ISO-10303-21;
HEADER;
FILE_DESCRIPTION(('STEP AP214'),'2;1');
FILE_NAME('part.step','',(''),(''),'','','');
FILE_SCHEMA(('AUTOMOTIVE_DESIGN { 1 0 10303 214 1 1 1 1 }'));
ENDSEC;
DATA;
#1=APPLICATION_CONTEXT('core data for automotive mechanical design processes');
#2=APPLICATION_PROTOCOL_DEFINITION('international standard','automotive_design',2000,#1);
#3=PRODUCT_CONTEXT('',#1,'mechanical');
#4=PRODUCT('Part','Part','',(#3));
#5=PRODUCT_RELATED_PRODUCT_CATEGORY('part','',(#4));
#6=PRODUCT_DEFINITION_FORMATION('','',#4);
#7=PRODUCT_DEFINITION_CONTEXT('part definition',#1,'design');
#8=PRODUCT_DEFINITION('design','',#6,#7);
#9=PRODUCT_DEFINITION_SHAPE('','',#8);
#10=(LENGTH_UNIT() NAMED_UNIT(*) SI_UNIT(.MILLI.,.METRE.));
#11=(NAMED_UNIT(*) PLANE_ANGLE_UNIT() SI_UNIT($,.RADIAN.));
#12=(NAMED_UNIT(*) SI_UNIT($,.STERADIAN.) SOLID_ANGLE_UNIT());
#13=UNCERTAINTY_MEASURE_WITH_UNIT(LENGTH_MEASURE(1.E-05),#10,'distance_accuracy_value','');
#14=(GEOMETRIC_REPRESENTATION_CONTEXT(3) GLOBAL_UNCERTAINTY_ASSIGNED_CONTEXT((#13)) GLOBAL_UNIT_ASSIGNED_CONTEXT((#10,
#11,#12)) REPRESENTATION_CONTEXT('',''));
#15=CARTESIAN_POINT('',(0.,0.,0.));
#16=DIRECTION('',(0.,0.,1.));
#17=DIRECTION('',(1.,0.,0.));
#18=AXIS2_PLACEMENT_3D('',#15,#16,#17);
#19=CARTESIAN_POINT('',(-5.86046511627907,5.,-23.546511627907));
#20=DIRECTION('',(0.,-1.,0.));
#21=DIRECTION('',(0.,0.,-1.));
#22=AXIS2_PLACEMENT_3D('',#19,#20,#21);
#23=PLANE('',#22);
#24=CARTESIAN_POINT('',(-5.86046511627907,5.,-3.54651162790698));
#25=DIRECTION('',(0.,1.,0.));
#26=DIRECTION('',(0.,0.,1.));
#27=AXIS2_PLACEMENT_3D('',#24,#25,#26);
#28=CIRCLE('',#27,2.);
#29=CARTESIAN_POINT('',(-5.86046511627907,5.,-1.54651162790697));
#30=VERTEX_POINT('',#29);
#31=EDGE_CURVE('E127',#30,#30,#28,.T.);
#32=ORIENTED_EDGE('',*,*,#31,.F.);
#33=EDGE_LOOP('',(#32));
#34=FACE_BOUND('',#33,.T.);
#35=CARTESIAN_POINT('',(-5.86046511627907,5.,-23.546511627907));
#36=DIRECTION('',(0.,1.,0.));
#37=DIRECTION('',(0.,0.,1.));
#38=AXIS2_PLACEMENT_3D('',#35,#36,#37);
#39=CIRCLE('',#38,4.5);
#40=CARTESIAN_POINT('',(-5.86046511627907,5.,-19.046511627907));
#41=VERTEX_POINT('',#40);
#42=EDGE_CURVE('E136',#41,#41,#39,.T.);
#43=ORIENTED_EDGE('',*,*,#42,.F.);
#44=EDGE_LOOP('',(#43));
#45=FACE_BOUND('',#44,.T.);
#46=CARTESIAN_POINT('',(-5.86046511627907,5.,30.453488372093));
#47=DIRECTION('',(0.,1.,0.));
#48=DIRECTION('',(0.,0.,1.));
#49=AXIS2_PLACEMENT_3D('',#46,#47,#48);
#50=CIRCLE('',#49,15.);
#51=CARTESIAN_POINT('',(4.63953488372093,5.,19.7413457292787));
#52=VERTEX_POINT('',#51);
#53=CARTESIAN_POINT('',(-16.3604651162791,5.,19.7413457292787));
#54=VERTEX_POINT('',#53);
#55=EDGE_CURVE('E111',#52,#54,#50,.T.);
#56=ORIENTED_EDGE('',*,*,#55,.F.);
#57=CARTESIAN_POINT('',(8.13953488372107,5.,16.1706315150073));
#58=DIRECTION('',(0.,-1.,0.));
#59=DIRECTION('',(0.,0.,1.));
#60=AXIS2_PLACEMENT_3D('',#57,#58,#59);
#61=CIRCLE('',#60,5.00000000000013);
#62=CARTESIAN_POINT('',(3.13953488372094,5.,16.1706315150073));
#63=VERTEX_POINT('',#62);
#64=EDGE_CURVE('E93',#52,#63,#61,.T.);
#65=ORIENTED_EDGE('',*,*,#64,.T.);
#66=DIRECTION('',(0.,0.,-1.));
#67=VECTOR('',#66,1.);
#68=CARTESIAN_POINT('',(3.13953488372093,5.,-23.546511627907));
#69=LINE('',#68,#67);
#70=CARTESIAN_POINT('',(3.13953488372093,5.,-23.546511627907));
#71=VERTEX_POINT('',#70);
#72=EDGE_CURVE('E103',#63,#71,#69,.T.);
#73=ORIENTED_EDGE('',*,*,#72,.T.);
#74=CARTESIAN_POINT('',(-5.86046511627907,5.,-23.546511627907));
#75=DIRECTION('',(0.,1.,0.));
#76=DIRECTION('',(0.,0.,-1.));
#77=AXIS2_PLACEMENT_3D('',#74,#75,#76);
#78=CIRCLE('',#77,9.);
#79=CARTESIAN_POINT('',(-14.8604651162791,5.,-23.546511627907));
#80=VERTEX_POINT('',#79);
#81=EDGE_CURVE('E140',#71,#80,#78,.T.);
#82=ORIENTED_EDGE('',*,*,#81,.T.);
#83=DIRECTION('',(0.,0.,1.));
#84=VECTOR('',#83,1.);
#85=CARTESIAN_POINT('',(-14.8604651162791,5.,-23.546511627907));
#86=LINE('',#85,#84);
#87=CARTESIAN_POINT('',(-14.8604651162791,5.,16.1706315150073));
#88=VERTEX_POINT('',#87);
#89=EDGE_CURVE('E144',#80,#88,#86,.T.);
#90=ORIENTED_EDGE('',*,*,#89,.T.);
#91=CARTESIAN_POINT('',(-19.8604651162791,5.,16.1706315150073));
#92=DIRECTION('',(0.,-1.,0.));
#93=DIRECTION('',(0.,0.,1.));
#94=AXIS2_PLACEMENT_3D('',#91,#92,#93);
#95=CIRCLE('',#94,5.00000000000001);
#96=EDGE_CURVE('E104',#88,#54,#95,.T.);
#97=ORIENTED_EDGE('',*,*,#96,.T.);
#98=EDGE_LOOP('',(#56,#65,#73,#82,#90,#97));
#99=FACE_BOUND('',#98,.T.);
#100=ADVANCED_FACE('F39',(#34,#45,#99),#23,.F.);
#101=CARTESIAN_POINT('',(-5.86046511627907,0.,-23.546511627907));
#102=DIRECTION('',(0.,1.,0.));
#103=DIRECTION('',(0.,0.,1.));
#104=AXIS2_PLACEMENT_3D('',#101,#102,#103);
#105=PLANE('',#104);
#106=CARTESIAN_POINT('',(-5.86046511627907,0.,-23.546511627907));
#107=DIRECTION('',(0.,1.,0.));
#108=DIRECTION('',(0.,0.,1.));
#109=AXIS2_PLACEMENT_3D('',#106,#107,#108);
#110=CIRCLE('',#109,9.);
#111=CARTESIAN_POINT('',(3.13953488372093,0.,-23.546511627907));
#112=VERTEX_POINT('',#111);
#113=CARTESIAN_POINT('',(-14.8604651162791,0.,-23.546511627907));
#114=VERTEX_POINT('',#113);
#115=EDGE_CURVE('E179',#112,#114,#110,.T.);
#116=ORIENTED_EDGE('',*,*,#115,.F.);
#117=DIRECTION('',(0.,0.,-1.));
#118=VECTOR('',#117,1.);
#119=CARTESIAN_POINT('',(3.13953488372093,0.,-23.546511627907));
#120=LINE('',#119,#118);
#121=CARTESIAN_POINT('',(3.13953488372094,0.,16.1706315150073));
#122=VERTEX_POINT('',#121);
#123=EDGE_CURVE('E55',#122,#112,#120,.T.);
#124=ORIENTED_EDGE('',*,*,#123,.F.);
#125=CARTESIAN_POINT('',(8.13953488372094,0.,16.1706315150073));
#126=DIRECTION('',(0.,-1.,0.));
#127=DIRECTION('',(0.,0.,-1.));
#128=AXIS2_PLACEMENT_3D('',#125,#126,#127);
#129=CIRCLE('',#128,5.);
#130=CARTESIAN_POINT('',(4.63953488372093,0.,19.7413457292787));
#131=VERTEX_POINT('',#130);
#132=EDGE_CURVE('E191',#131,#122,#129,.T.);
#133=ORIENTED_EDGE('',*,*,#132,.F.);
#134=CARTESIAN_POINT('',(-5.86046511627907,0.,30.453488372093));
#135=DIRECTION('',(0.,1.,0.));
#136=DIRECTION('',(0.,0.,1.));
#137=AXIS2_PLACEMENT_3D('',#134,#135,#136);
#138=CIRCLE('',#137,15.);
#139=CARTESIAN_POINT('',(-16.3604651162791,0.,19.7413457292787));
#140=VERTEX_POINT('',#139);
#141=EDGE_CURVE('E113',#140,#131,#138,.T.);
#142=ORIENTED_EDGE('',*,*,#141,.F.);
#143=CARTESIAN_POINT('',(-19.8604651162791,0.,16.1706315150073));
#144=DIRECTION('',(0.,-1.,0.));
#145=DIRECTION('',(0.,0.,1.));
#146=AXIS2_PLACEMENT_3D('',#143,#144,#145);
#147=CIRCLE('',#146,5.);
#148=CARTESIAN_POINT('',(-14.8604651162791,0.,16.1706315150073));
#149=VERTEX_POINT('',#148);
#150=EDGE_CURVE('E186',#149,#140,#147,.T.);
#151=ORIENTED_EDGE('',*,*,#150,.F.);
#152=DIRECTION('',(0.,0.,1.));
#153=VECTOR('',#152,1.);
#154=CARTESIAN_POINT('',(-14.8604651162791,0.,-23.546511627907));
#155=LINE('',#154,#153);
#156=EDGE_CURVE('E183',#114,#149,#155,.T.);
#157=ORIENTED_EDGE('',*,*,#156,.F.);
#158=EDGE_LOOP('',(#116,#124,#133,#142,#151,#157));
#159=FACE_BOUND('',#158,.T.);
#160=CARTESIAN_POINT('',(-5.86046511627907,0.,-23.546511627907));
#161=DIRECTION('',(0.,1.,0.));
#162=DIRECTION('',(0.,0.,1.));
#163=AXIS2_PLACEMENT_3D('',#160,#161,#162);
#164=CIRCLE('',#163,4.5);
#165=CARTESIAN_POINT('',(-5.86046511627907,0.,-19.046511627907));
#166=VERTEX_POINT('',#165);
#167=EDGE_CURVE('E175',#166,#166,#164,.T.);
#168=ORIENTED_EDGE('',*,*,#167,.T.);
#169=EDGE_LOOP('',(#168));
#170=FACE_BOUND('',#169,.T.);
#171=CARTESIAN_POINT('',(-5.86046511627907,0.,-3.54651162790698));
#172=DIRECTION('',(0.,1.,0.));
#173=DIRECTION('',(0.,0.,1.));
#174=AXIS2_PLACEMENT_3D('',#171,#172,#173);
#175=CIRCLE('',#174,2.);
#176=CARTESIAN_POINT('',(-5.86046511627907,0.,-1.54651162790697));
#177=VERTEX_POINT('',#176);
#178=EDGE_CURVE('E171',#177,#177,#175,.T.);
################
- What you have to do -
Once you have read through the entries, say how many of their lines include the string "VECTOR" and give nothing but that number.

- Reply to the exercise -
4